** Opening DATA SHOWN block **
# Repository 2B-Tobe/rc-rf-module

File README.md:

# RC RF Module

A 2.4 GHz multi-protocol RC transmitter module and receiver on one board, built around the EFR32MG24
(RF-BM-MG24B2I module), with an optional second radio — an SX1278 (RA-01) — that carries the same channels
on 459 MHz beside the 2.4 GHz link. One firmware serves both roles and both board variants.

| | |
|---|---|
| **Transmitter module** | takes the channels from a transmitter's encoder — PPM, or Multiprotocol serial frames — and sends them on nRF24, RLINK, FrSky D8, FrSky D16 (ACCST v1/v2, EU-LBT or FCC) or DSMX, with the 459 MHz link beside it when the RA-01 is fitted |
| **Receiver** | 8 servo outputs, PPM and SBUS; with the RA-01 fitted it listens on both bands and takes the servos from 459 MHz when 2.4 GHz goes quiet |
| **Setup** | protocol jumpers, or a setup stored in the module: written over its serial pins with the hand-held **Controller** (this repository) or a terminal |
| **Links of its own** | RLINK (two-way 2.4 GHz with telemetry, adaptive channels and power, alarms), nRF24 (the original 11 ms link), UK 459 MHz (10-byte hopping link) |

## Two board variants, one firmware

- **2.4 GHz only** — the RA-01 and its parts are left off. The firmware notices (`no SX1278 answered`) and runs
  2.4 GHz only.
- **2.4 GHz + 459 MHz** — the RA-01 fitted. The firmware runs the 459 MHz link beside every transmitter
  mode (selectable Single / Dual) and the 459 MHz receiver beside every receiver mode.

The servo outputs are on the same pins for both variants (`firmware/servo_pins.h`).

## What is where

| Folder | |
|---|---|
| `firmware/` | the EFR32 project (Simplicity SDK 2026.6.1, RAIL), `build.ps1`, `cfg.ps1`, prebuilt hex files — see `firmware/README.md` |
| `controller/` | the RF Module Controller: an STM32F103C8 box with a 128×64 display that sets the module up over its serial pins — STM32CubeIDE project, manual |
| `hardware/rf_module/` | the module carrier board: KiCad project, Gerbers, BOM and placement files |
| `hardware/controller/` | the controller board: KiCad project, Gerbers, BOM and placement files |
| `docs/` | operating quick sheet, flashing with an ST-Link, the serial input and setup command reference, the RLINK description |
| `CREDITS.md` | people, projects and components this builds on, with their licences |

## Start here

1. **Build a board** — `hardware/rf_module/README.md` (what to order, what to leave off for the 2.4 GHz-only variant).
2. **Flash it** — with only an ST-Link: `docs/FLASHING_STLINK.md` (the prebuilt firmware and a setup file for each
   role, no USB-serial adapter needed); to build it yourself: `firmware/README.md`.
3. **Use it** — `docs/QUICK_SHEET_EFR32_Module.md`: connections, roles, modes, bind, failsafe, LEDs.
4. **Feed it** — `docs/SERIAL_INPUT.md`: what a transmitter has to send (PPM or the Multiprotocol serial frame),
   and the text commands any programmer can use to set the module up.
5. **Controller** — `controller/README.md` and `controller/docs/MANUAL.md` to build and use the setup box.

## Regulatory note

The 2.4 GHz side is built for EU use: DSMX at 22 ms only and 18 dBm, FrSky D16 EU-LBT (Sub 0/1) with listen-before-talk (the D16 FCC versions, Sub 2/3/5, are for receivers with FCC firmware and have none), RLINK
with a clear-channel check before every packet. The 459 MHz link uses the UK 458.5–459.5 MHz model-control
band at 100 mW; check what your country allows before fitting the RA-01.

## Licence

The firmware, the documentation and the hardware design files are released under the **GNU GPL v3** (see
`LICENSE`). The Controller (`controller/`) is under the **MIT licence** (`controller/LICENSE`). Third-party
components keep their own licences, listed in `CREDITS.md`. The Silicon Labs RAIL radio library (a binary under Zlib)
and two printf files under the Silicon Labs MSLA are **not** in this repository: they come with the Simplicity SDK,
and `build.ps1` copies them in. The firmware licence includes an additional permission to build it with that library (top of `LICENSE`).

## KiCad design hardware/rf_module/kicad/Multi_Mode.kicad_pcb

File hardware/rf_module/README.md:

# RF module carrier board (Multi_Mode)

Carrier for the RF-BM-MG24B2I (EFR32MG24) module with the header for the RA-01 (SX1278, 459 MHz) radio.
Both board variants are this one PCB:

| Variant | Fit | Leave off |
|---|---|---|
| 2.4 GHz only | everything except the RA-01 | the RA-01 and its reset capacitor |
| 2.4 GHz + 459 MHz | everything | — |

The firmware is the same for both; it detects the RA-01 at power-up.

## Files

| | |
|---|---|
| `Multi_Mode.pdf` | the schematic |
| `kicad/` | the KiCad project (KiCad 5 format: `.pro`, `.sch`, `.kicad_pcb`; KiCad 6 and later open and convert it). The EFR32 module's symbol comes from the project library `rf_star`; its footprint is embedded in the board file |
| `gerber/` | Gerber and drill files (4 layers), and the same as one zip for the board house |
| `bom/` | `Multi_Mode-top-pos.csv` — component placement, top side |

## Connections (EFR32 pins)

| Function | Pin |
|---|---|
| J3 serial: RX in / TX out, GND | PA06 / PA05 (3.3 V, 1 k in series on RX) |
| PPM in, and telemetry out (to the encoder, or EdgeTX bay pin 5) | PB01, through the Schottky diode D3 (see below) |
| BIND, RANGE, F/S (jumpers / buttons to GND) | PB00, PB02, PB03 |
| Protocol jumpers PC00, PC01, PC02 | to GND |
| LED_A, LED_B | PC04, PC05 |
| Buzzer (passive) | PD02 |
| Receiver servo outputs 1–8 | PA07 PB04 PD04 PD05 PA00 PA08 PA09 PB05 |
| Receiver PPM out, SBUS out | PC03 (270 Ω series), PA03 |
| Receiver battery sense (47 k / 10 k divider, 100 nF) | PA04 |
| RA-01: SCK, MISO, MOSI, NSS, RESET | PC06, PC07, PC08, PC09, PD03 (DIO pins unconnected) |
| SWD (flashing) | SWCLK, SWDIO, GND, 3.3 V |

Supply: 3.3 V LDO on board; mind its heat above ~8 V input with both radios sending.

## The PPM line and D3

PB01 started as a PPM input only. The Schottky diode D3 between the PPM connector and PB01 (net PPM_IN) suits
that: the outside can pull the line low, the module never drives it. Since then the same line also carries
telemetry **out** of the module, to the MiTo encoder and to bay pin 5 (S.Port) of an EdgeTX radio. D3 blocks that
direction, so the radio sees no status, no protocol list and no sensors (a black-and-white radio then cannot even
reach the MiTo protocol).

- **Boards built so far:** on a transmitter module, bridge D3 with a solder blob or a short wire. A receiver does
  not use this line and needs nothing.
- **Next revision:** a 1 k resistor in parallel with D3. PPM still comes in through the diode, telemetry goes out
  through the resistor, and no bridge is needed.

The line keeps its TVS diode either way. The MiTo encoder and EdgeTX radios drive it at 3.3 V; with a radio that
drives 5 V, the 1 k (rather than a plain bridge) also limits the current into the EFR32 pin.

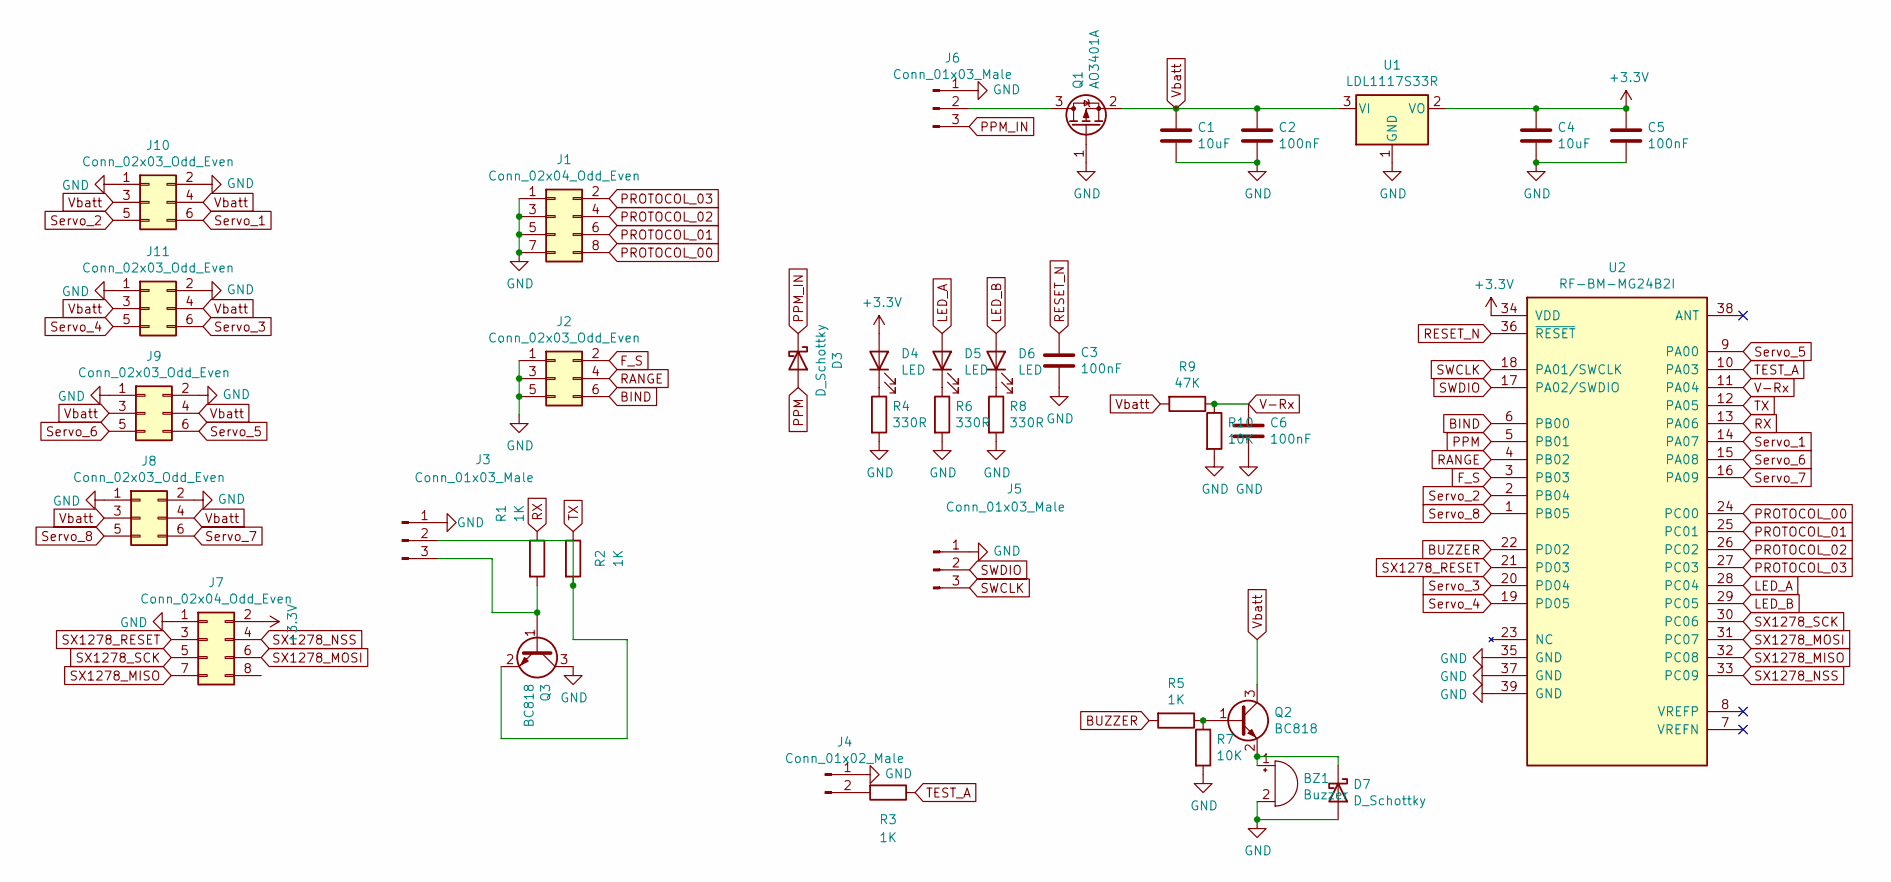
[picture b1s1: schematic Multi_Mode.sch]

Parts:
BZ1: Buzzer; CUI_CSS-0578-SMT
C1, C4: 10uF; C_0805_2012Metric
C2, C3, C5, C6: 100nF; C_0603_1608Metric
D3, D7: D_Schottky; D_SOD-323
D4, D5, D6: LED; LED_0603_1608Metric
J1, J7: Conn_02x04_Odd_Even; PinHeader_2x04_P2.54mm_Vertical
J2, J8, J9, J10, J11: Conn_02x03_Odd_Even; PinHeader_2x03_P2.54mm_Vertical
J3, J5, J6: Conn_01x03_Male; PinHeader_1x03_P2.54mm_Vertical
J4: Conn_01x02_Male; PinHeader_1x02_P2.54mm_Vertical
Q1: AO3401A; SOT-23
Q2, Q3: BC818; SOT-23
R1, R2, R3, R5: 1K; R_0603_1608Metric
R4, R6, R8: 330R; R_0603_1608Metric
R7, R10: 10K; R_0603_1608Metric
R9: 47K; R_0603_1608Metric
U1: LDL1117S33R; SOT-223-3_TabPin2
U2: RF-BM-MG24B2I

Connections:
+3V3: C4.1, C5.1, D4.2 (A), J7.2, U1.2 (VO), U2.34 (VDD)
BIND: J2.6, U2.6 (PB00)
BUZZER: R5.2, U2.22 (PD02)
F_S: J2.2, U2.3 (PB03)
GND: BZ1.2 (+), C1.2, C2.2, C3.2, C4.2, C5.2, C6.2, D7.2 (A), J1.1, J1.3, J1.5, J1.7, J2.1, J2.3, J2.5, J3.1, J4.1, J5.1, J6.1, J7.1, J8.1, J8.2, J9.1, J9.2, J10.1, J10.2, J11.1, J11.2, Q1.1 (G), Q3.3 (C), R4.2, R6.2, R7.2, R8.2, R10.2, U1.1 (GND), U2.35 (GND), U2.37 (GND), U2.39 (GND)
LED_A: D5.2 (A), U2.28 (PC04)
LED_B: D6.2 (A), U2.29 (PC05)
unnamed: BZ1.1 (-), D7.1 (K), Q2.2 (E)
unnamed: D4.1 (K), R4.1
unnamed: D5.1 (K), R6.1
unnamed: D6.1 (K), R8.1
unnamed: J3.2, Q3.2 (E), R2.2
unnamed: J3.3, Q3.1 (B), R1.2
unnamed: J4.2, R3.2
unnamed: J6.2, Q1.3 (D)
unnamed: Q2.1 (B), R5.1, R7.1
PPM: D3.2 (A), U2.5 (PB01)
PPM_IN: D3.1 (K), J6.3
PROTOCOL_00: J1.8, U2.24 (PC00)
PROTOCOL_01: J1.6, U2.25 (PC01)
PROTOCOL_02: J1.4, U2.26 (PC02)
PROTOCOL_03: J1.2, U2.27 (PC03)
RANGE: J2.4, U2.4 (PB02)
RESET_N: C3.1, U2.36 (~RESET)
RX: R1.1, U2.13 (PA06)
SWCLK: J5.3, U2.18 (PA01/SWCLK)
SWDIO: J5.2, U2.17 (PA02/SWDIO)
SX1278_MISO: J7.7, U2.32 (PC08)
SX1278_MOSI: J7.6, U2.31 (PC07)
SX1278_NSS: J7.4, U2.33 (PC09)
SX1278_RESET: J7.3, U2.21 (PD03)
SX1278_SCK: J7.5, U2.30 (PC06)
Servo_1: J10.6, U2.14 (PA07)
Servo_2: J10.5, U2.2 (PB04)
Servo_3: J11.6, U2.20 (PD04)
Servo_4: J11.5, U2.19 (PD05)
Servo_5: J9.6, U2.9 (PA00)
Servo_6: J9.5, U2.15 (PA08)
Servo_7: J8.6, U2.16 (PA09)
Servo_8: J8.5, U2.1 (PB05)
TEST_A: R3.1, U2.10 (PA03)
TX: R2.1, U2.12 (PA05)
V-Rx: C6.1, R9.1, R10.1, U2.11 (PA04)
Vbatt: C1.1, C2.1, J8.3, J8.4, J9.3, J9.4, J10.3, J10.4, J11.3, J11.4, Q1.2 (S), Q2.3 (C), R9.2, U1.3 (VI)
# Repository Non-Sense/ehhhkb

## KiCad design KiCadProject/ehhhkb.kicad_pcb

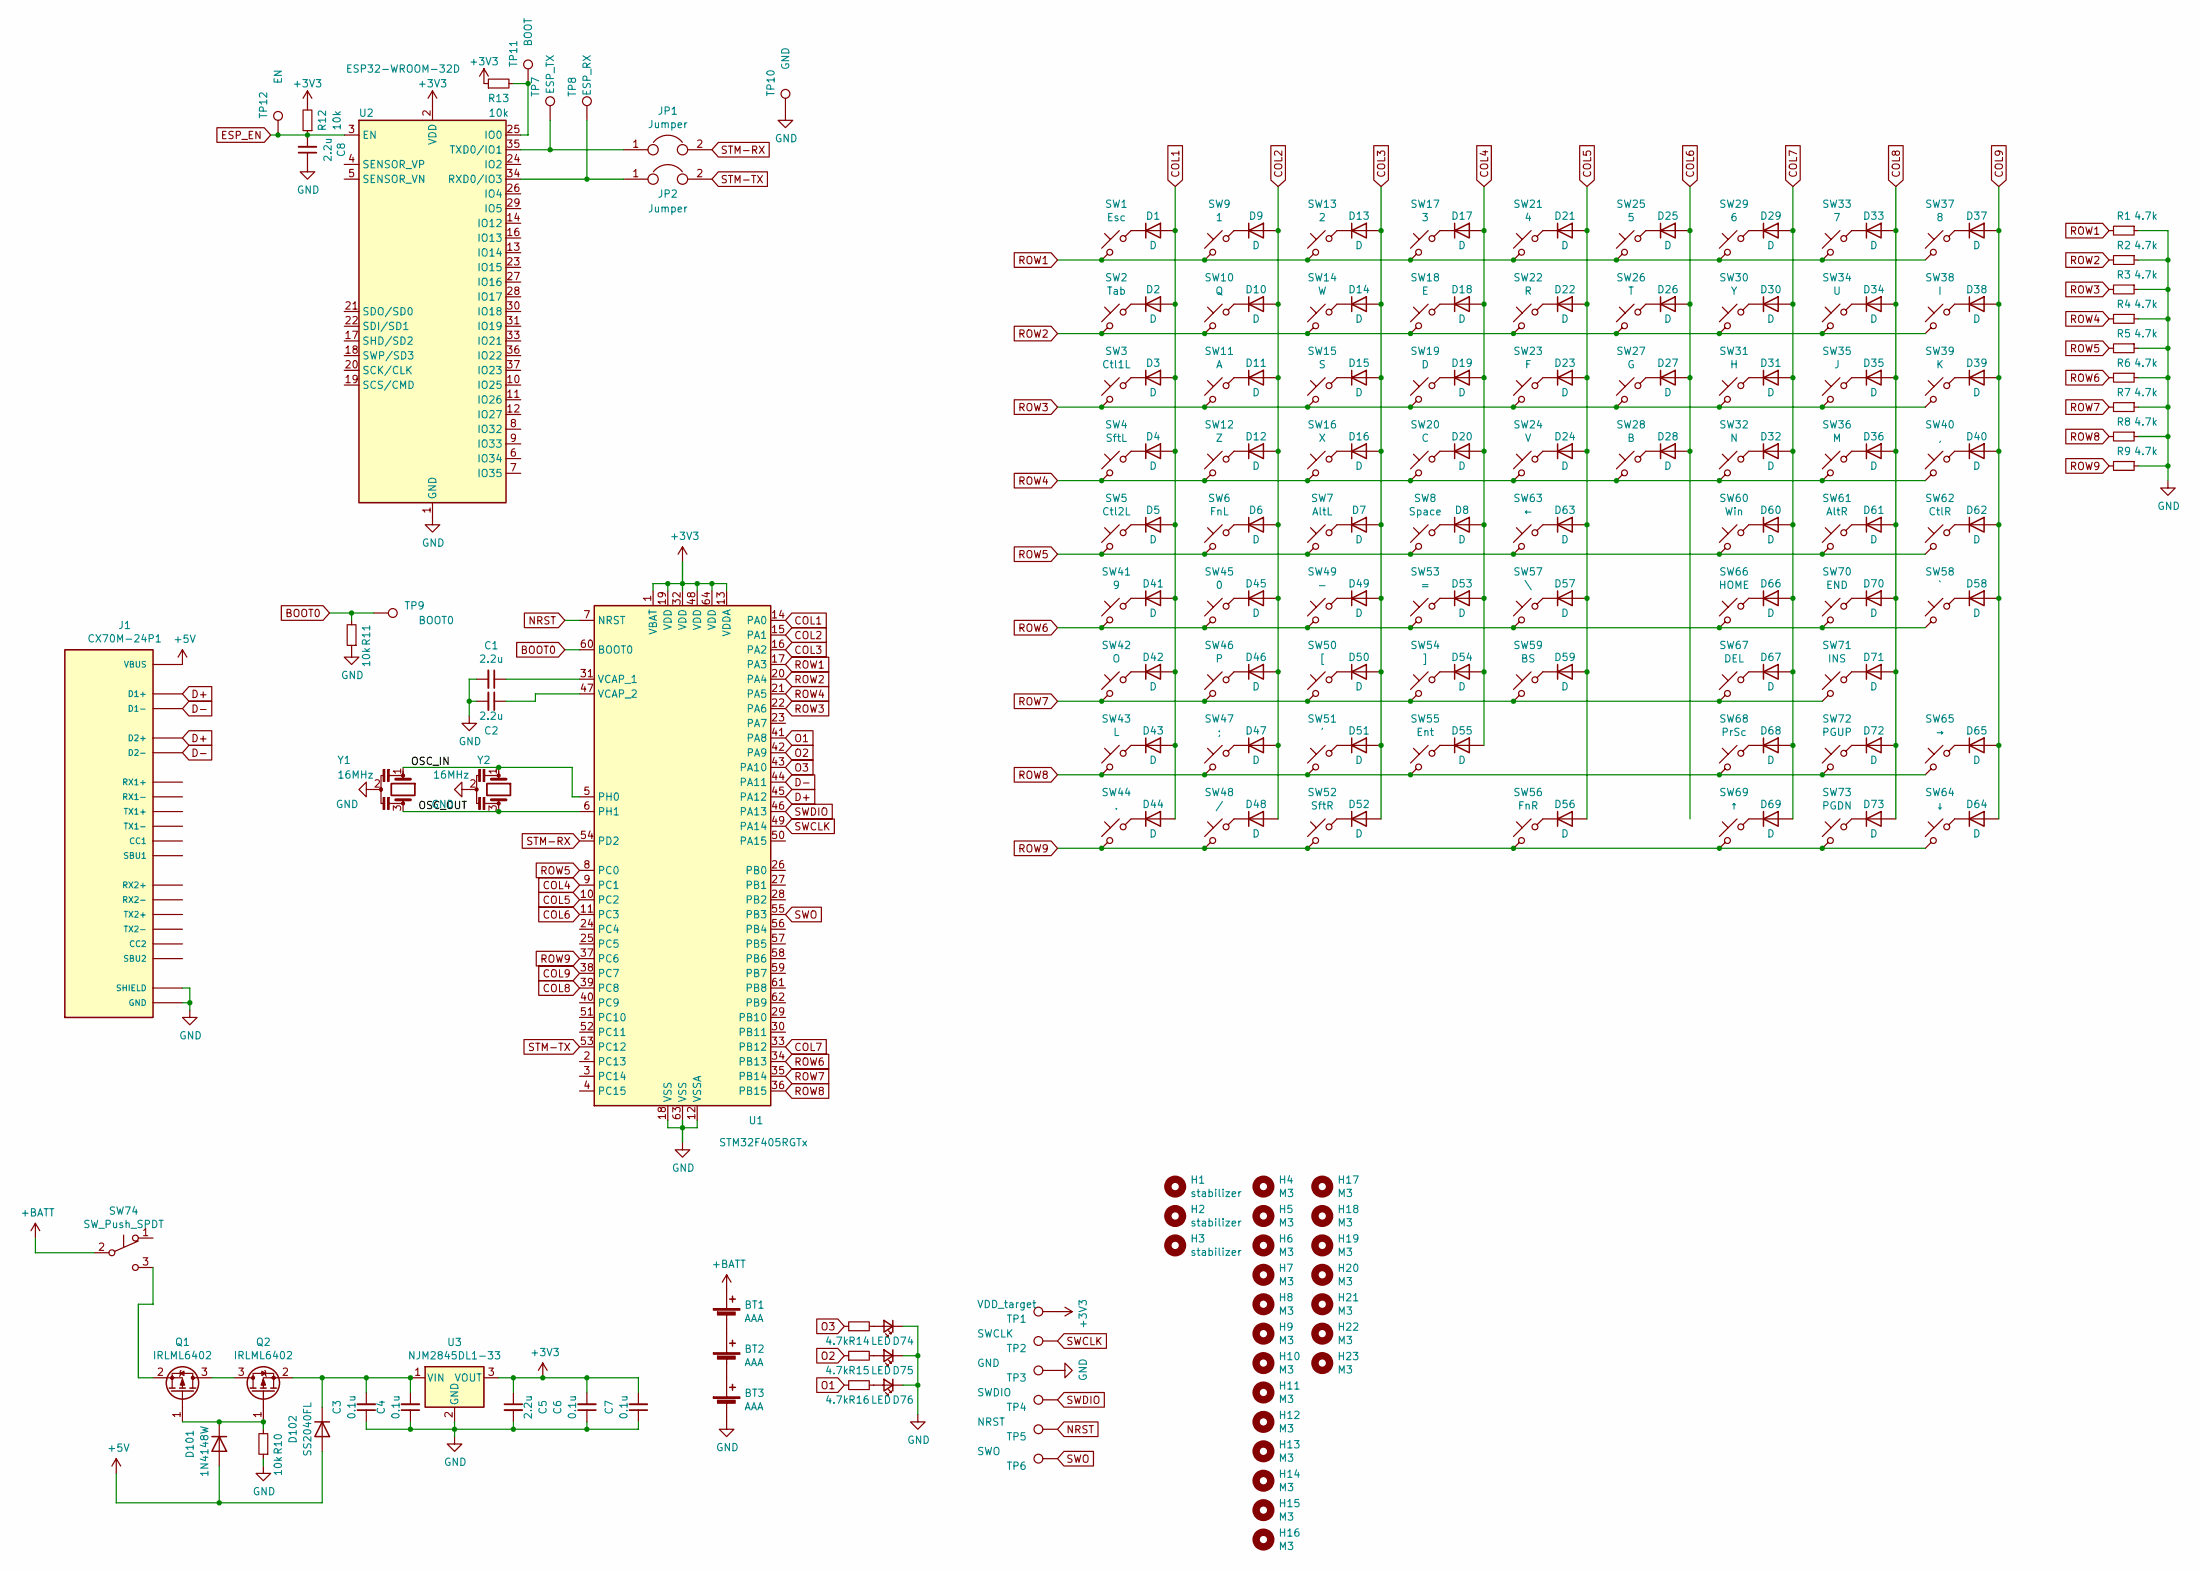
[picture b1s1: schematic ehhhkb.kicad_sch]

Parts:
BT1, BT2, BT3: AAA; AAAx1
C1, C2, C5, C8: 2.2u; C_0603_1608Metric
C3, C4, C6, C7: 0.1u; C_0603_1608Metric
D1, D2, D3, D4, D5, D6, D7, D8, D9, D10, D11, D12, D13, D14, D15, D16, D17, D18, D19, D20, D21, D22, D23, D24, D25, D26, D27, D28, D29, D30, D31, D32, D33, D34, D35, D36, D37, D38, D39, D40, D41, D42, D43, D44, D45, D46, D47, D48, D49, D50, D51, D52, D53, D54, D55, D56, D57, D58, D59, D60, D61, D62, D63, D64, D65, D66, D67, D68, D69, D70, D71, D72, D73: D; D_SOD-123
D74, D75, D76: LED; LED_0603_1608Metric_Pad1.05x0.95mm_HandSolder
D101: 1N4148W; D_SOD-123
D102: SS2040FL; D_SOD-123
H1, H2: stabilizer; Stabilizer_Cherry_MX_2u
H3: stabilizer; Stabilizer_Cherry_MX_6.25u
** Closing DATA SHOWN block **
* WHAT YOU SHOULD DO *
Beginning with the line that has "U2: RF-BM-MG24B2I" and ending with the line that has "PPM_IN: D3.1 (K), J6.3", set down the lines above exactly and include no others.

* FINAL ANSWER *
U2: RF-BM-MG24B2I

Connections:
+3V3: C4.1, C5.1, D4.2 (A), J7.2, U1.2 (VO), U2.34 (VDD)
BIND: J2.6, U2.6 (PB00)
BUZZER: R5.2, U2.22 (PD02)
F_S: J2.2, U2.3 (PB03)
GND: BZ1.2 (+), C1.2, C2.2, C3.2, C4.2, C5.2, C6.2, D7.2 (A), J1.1, J1.3, J1.5, J1.7, J2.1, J2.3, J2.5, J3.1, J4.1, J5.1, J6.1, J7.1, J8.1, J8.2, J9.1, J9.2, J10.1, J10.2, J11.1, J11.2, Q1.1 (G), Q3.3 (C), R4.2, R6.2, R7.2, R8.2, R10.2, U1.1 (GND), U2.35 (GND), U2.37 (GND), U2.39 (GND)
LED_A: D5.2 (A), U2.28 (PC04)
LED_B: D6.2 (A), U2.29 (PC05)
unnamed: BZ1.1 (-), D7.1 (K), Q2.2 (E)
unnamed: D4.1 (K), R4.1
unnamed: D5.1 (K), R6.1
unnamed: D6.1 (K), R8.1
unnamed: J3.2, Q3.2 (E), R2.2
unnamed: J3.3, Q3.1 (B), R1.2
unnamed: J4.2, R3.2
unnamed: J6.2, Q1.3 (D)
unnamed: Q2.1 (B), R5.1, R7.1
PPM: D3.2 (A), U2.5 (PB01)
PPM_IN: D3.1 (K), J6.3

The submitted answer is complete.